A claimant may only recover against an insurance company if they meet the statute’s condition precedent. One of the condition precedents is filing a Civil Remedy Notice (CRN) with the Department of Financial Services (DFS). The failure to do meet this requirement may lead to a dismissal of a claimant’s case. For example, recently, an appellate court issued an opinion in a Florida homeowner’s claim against his insurance company. In that case, the insurance company disputed a property owner’s claim regarding water damage to his home. After filing a CRN, the property owner moved forward with a bad faith claim against the insurer. The court dismissed the complaint, reasoning that the plaintiff did not meet the requirements of the CRN.

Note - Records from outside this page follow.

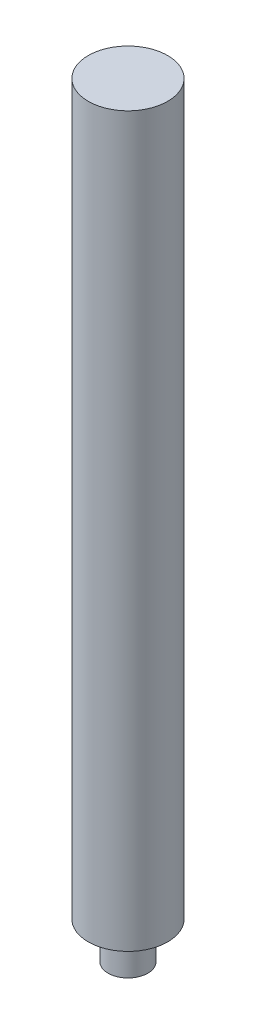
ISO-10303-21;
HEADER;
FILE_DESCRIPTION(('STEP AP214'),'2;1');
FILE_NAME('part.step','',(''),(''),'','','');
FILE_SCHEMA(('AUTOMOTIVE_DESIGN { 1 0 10303 214 1 1 1 1 }'));
ENDSEC;
DATA;
#1=APPLICATION_CONTEXT('core data for automotive mechanical design processes');
#2=APPLICATION_PROTOCOL_DEFINITION('international standard','automotive_design',2000,#1);
#3=PRODUCT_CONTEXT('',#1,'mechanical');
#4=PRODUCT('Part','Part','',(#3));
#5=PRODUCT_RELATED_PRODUCT_CATEGORY('part','',(#4));
#6=PRODUCT_DEFINITION_FORMATION('','',#4);
#7=PRODUCT_DEFINITION_CONTEXT('part definition',#1,'design');
#8=PRODUCT_DEFINITION('design','',#6,#7);
#9=PRODUCT_DEFINITION_SHAPE('','',#8);
#10=(LENGTH_UNIT() NAMED_UNIT(*) SI_UNIT(.MILLI.,.METRE.));
#11=(NAMED_UNIT(*) PLANE_ANGLE_UNIT() SI_UNIT($,.RADIAN.));
#12=(NAMED_UNIT(*) SI_UNIT($,.STERADIAN.) SOLID_ANGLE_UNIT());
#13=UNCERTAINTY_MEASURE_WITH_UNIT(LENGTH_MEASURE(1.E-05),#10,'distance_accuracy_value','');
#14=(GEOMETRIC_REPRESENTATION_CONTEXT(3) GLOBAL_UNCERTAINTY_ASSIGNED_CONTEXT((#13)) GLOBAL_UNIT_ASSIGNED_CONTEXT((#10,
#11,#12)) REPRESENTATION_CONTEXT('',''));
#15=CARTESIAN_POINT('',(0.,0.,0.));
#16=DIRECTION('',(0.,0.,1.));
#17=DIRECTION('',(1.,0.,0.));
#18=AXIS2_PLACEMENT_3D('',#15,#16,#17);
#19=CARTESIAN_POINT('',(0.,2.8,0.));
#20=DIRECTION('',(0.,-1.,0.));
#21=DIRECTION('',(0.,0.,-1.));
#22=AXIS2_PLACEMENT_3D('',#19,#20,#21);
#23=CYLINDRICAL_SURFACE('',#22,1.5);
#24=CARTESIAN_POINT('',(0.,2.8,0.));
#25=DIRECTION('',(0.,1.,0.));
#26=DIRECTION('',(0.,0.,1.));
#27=AXIS2_PLACEMENT_3D('',#24,#25,#26);
#28=CIRCLE('',#27,1.5);
#29=CARTESIAN_POINT('',(0.,2.8,1.5));
#30=VERTEX_POINT('',#29);
#31=EDGE_CURVE('E10',#30,#30,#28,.T.);
#32=ORIENTED_EDGE('',*,*,#31,.F.);
#33=EDGE_LOOP('',(#32));
#34=FACE_BOUND('',#33,.T.);
#35=CARTESIAN_POINT('',(0.,0.,0.));
#36=DIRECTION('',(0.,1.,0.));
#37=DIRECTION('',(0.,0.,1.));
#38=AXIS2_PLACEMENT_3D('',#35,#36,#37);
#39=CIRCLE('',#38,1.5);
#40=CARTESIAN_POINT('',(0.,0.,1.5));
#41=VERTEX_POINT('',#40);
#42=EDGE_CURVE('E42',#41,#41,#39,.T.);
#43=ORIENTED_EDGE('',*,*,#42,.T.);
#44=EDGE_LOOP('',(#43));
#45=FACE_BOUND('',#44,.T.);
#46=ADVANCED_FACE('F39',(#34,#45),#23,.T.);
#47=CARTESIAN_POINT('',(0.,0.,0.));
#48=DIRECTION('',(0.,1.,0.));
#49=DIRECTION('',(0.,0.,1.));
#50=AXIS2_PLACEMENT_3D('',#47,#48,#49);
#51=PLANE('',#50);
#52=ORIENTED_EDGE('',*,*,#42,.F.);
#53=EDGE_LOOP('',(#52));
#54=FACE_BOUND('',#53,.T.);
#55=ADVANCED_FACE('F66',(#54),#51,.F.);
#56=CARTESIAN_POINT('',(0.,57.8,0.));
#57=DIRECTION('',(0.,-1.,0.));
#58=DIRECTION('',(0.,0.,-1.));
#59=AXIS2_PLACEMENT_3D('',#56,#57,#58);
#60=CYLINDRICAL_SURFACE('',#59,3.);
#61=CARTESIAN_POINT('',(0.,57.8,0.));
#62=DIRECTION('',(0.,1.,0.));
#63=DIRECTION('',(0.,0.,1.));
#64=AXIS2_PLACEMENT_3D('',#61,#62,#63);
#65=CIRCLE('',#64,3.);
#66=CARTESIAN_POINT('',(0.,57.8,3.));
#67=VERTEX_POINT('',#66);
#68=EDGE_CURVE('E51',#67,#67,#65,.T.);
#69=ORIENTED_EDGE('',*,*,#68,.F.);
#70=EDGE_LOOP('',(#69));
#71=FACE_BOUND('',#70,.T.);
#72=CARTESIAN_POINT('',(0.,2.8,0.));
#73=DIRECTION('',(0.,1.,0.));
#74=DIRECTION('',(0.,0.,1.));
#75=AXIS2_PLACEMENT_3D('',#72,#73,#74);
#76=CIRCLE('',#75,3.);
#77=CARTESIAN_POINT('',(0.,2.8,3.));
#78=VERTEX_POINT('',#77);
#79=EDGE_CURVE('E53',#78,#78,#76,.T.);
#80=ORIENTED_EDGE('',*,*,#79,.T.);
#81=EDGE_LOOP('',(#80));
#82=FACE_BOUND('',#81,.T.);
#83=ADVANCED_FACE('F63',(#71,#82),#60,.T.);
#84=CARTESIAN_POINT('',(0.,57.8,0.));
#85=DIRECTION('',(0.,1.,0.));
#86=DIRECTION('',(0.,0.,1.));
#87=AXIS2_PLACEMENT_3D('',#84,#85,#86);
#88=PLANE('',#87);
#89=ORIENTED_EDGE('',*,*,#68,.T.);
#90=EDGE_LOOP('',(#89));
#91=FACE_BOUND('',#90,.T.);
#92=ADVANCED_FACE('F61',(#91),#88,.T.);
#93=CARTESIAN_POINT('',(0.,2.8,0.));
#94=DIRECTION('',(0.,1.,0.));
#95=DIRECTION('',(0.,0.,1.));
#96=AXIS2_PLACEMENT_3D('',#93,#94,#95);
#97=PLANE('',#96);
#98=ORIENTED_EDGE('',*,*,#31,.T.);
#99=EDGE_LOOP('',(#98));
#100=FACE_BOUND('',#99,.T.);
#101=ORIENTED_EDGE('',*,*,#79,.F.);
#102=EDGE_LOOP('',(#101));
#103=FACE_BOUND('',#102,.T.);
#104=ADVANCED_FACE('F70',(#100,#103),#97,.F.);
#105=CLOSED_SHELL('',(#46,#55,#83,#92,#104));
#106=MANIFOLD_SOLID_BREP('B2',#105);
#107=ADVANCED_BREP_SHAPE_REPRESENTATION('',(#18,#106),#14);
#108=SHAPE_DEFINITION_REPRESENTATION(#9,#107);
ENDSEC;
END-ISO-10303-21;

The CRN statute outlines the specific information that a claimant must include in their notice. In sum, the notice must essentially specifically state the facts and circumstances surrounding the case, and the specific relevant policy language that the insurer is alleged to have breached. In this case, the court found that the plaintiff cited every provision in the insurance claim to meet the specificity requirement. The court found that citing every provision does not meet the specificity standard. The plaintiff argued that the insurance company’s failure to allow him to correct the defect meant that the CRN was sufficient. However, the court ruled that the insurer’s option to return a defective notice is discretionary. Therefore, because he did not meet the specificity standard, the court affirmed the trial court’s dismissal with prejudice.